Vol 26 No 1 (2007): .
Language

Neologisms in Child Language: A Case Study of a Bilingual Child

Published June 26, 2007
Keywords
  • Neologisms,
  • Bilingual,
  • Child language
How to Cite
Shyamala Chengappa. (2007). Neologisms in Child Language: A Case Study of a Bilingual Child. Journal of All India Institute of Speech and Hearing, 26(1), 65-67. Retrieved from http://203.129.241.91/jaiish/index.php/aiish/article/view/182

Abstract

Surprising parallels with Schizophrenia and Jarganaphasia were found on a linguistic analysis of the neologistic utterances encountered in a normal 3+ year old bilingual child. The analysis in terms of phonological, semantic, grammatical, as well as a few paralinguistic features including mortality and awareness of these neologisms uttered by the normal bilingual child revealed similarities with those of schizophrenics and jarganaphasics reported in literature.
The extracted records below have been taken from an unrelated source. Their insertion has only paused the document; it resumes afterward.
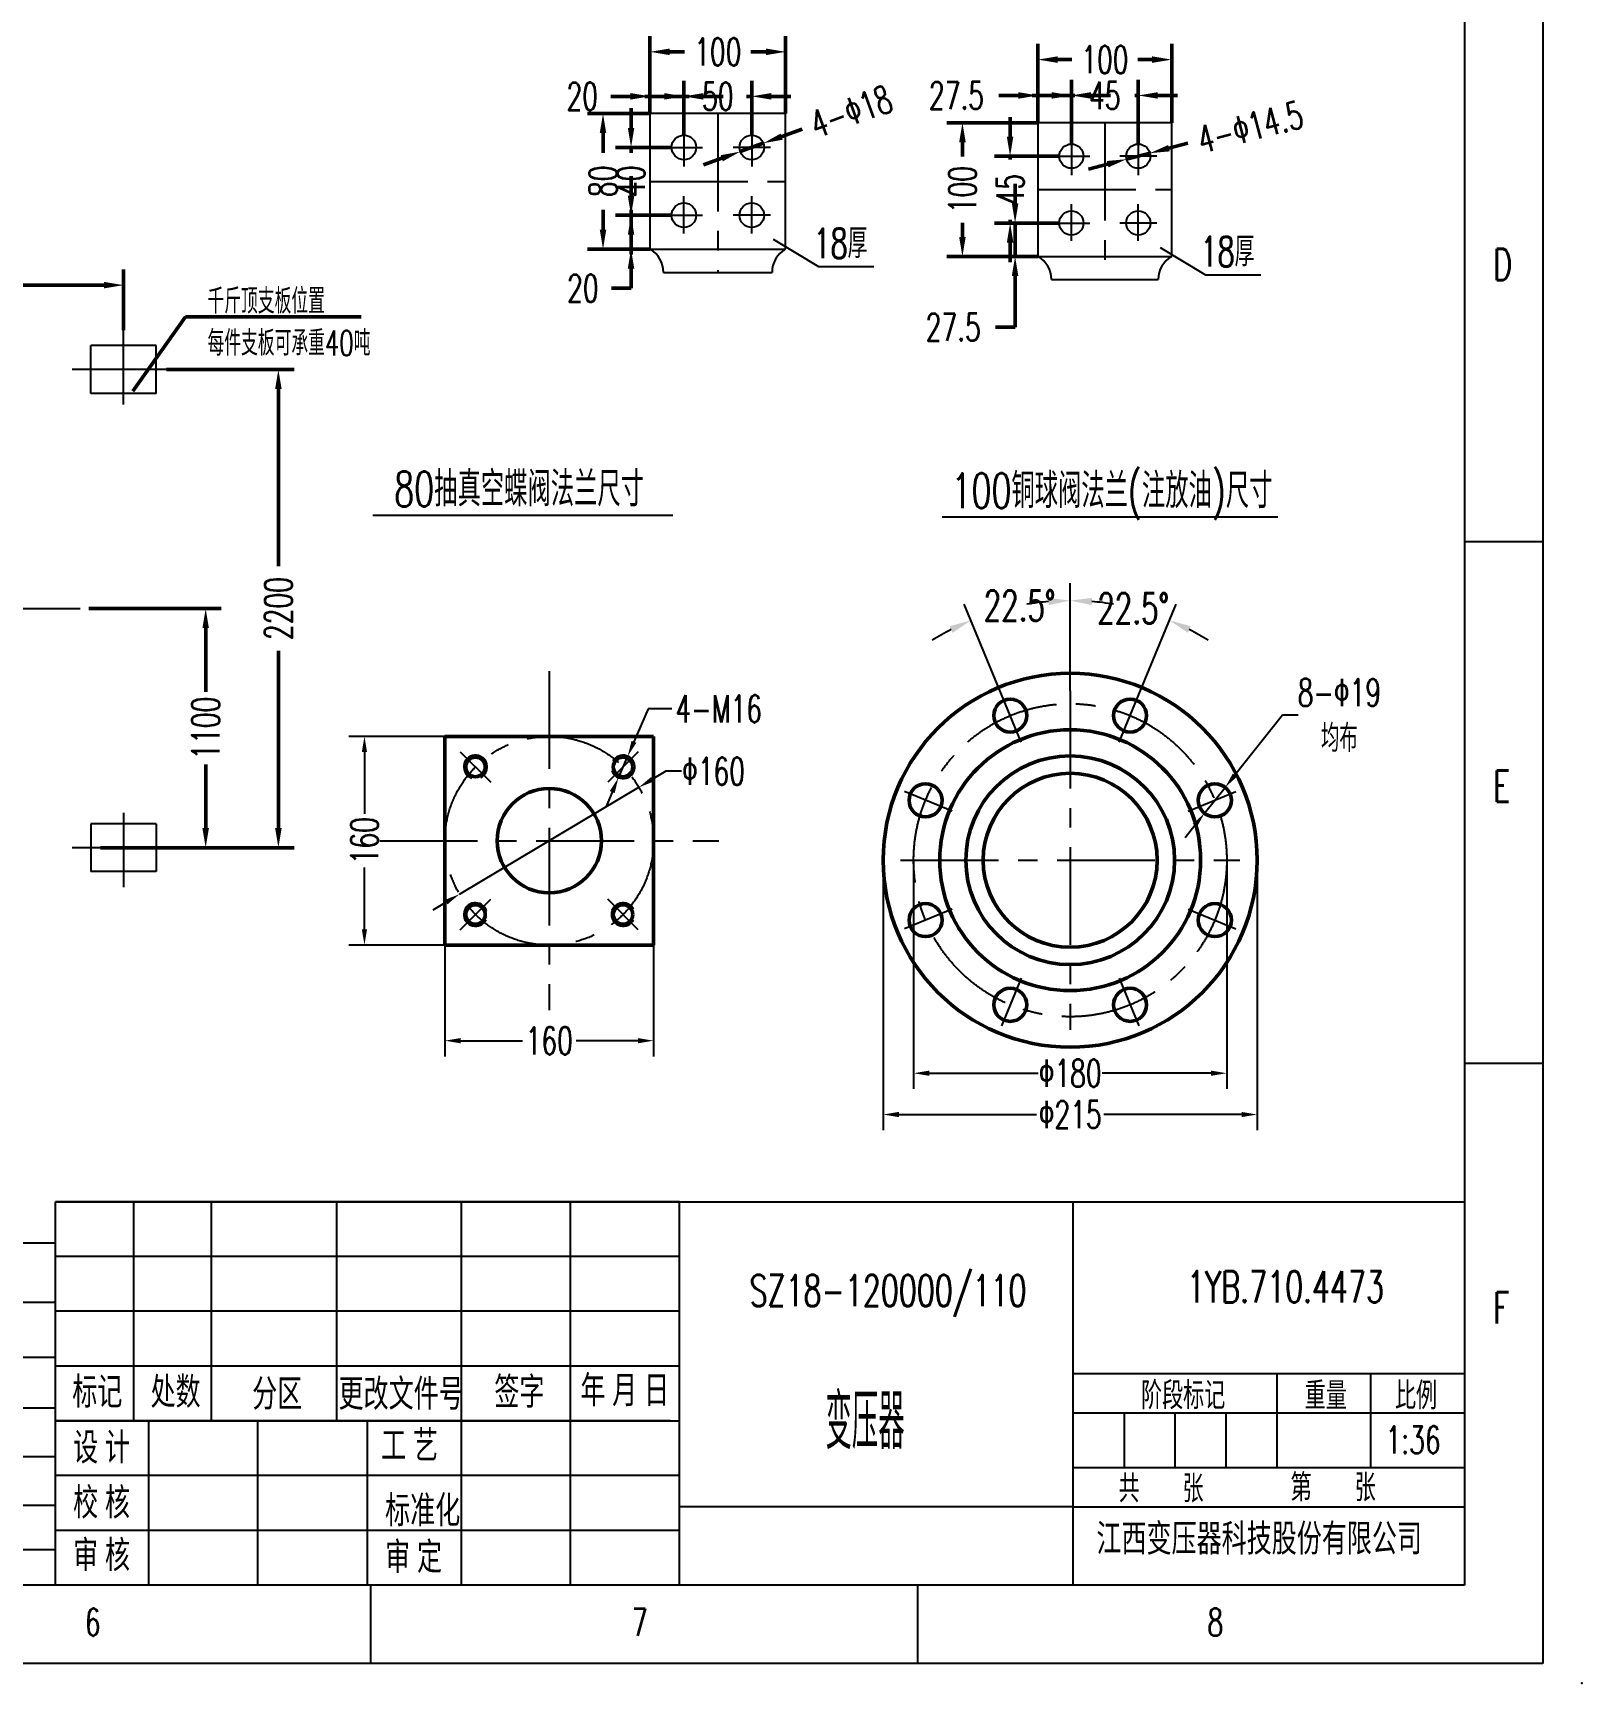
# Model space of a CAD drawing. Header units: millimetres. Extents: x 71406 to 93150, y 2492 to 17792.
# Drawn here: x 86027 to 93150, y 2492 to 10083 of the extents above; entities that cross this region are included whole.
import ezdxf
from ezdxf.enums import TextEntityAlignment as Align

# ---------------------------------------------------------------- set-up
doc = ezdxf.new("R2010")
doc.units = ezdxf.units.MM
doc.header["$LTSCALE"] = 360
doc.linetypes.add('CENTER', pattern=[2, 1.25, -0.25, 0.25, -0.25])
doc.linetypes.add('CENTER2', pattern=[28.575, 19.05, -3.175, 3.175, -3.175])
for name, color, linetype, lineweight in [('0粗实线层', 7, 'Continuous', 50), ('2中心线层', 1, 'CENTER', 25), ('4细实线层', 2, 'Continuous', 25), ('5文字层', 6, 'Continuous', 25), ('6标注层', 3, 'Continuous', 25), ('tablist', 3, 'Continuous', 25)]:
    doc.layers.add(name, color=color, linetype=linetype, lineweight=lineweight)
doc.layers.add('2', color=2, linetype='CENTER')
doc.layers.add('中心线', color=1, linetype='CENTER2')
doc.styles.add('CFST', font='romans.shx', dxfattribs={"width": 0.67, "height": 3.5, "bigfont": 'Intecad.shx'})
doc.styles.add('HZ', font='Romans.shx', dxfattribs={"width": 0.67, "bigfont": 'gbcbig.shx'})
doc.styles.add('PC_TEXTSTYLE', font='txt.shx', dxfattribs={"width": 0.67, "bigfont": 'hztxt.shx'})
doc.styles.add('ROMANS', font='romans.shx', dxfattribs={"width": 0.67, "bigfont": 'bigfont.shx'})
doc.styles.get("Standard").update_dxf_attribs({"font": 'txt.shx', "width": 0.67, "bigfont": 'hztxt.shx'})
doc.styles.add('TH_GBDIM', font='txt.shx', dxfattribs={"width": 0.67, "bigfont": 'hztxt.shx'})
doc.styles.add('汉字', font='FSGB2312.ttf', dxfattribs={"width": 0.67})
doc.dimstyles.new('TH_GBDIM', dxfattribs={"dimscale": 36, "dimtxt": 3.5, "dimasz": 2.5, "dimexe": 2, "dimexo": 0, "dimgap": 1.5, "dimtad": 0, "dimtoh": 1, "dimdec": 1, "dimdsep": 46, "dimtxsty": 'TH_GBDIM', "dimcen": 2.5, "dimclrd": 3, "dimclre": 3, "dimclrt": 6, "dimadec": 0, "dimazin": 2, "dimtfac": 0.714286, "dimtdec": 1, "dimtmove": 0, "dimatfit": 3, "dimfxl": 2, "dimtzin": 0, "dimlwd": -1, "dimlwe": -1, "dimarcsym": 0})

# ---------------------------------------------------------------- blocks, each defined once
blk = doc.blocks.new('*D846')
at = {"layer": '0粗实线层', "color": 3, "transparency": 16777216}
for p, q in [((88863.8, 9712.8), (88863.8, 10068.7)), ((89487.8, 9712.8), (89487.8, 10068.7)), ((88953.8, 9996.7), (89023.4, 9996.7)), ((89397.8, 9996.7), (89328.3, 9996.7))]:
    blk.add_line(p, q, dxfattribs=at)
for points in [[(88953.8, 10011.7), (88953.8, 9981.7), (88863.8, 9996.7)], [(89397.8, 10011.7), (89397.8, 9981.7), (89487.8, 9996.7)]]:
    blk.add_solid(points, dxfattribs=at)
at = {"layer": 'Defpoints', "color": 0, "transparency": 16777216}
for p in [(89487.8, 9996.7), (88863.8, 9712.8), (89487.8, 9712.8)]:
    blk.add_point(p, dxfattribs=at)
at = {"layer": '0粗实线层', "color": 6, "transparency": 16777216, "insert": (89175.8, 9996.7), "char_height": 126, "attachment_point": 5, "style": 'TH_GBDIM'}
blk.add_mtext('100{}{}', dxfattribs=at)
blk = doc.blocks.new('*D847')
at = {"layer": '0粗实线层', "color": 3, "transparency": 16777216}
for p, q in [((89019.8, 9613.3), (89019.8, 9863.9)), ((89331.8, 9613.3), (89331.8, 9863.9)), ((88929.8, 9791.9), (88839.8, 9791.9)), ((89019.8, 9791.9), (89044.5, 9791.9)), ((89331.8, 9791.9), (89307.2, 9791.9)), ((89421.8, 9791.9), (89511.8, 9791.9))]:
    blk.add_line(p, q, dxfattribs=at)
for points in [[(88929.8, 9806.9), (88929.8, 9776.9), (89019.8, 9791.9)], [(89421.8, 9806.9), (89421.8, 9776.9), (89331.8, 9791.9)]]:
    blk.add_solid(points, dxfattribs=at)
at = {"layer": 'Defpoints', "color": 0, "transparency": 16777216}
for p in [(89331.8, 9791.9), (89019.8, 9613.3), (89331.8, 9613.3)]:
    blk.add_point(p, dxfattribs=at)
at = {"layer": '0粗实线层', "color": 6, "transparency": 16777216, "insert": (89175.8, 9791.9), "char_height": 126, "attachment_point": 5, "style": 'TH_GBDIM'}
blk.add_mtext('50{}{}', dxfattribs=at)
blk = doc.blocks.new('*D832')
at = {"layer": '0粗实线层', "color": 3, "transparency": 16777216}
for p, q in [((88863.8, 9712.8), (88863.8, 9863.9)), ((89019.8, 9613.3), (89019.8, 9863.9)), ((88773.8, 9791.9), (88683.8, 9791.9)), ((89019.8, 9791.9), (88863.8, 9791.9)), ((89109.8, 9791.9), (89199.8, 9791.9))]:
    blk.add_line(p, q, dxfattribs=at)
for points in [[(88773.8, 9806.9), (88773.8, 9776.9), (88863.8, 9791.9)], [(89109.8, 9806.9), (89109.8, 9776.9), (89019.8, 9791.9)]]:
    blk.add_solid(points, dxfattribs=at)
at = {"layer": 'Defpoints', "color": 0, "transparency": 16777216}
for p in [(88863.8, 9791.9), (88863.8, 9712.8), (89019.8, 9613.3)]:
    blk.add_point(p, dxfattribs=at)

This speech sample was also compared with the abnormal utterances of normal speakers. A need for both qualitative and quantitative assessment, in addition to obtaining a total picture of communication was felt in order to categorize a speaker as abnormal or pathological. It is also speculated that bilingual children may undergo such transitory phases of neologistic utterances in their language(s) acquisition process because of the very nature of bilingual / multilingual exposure.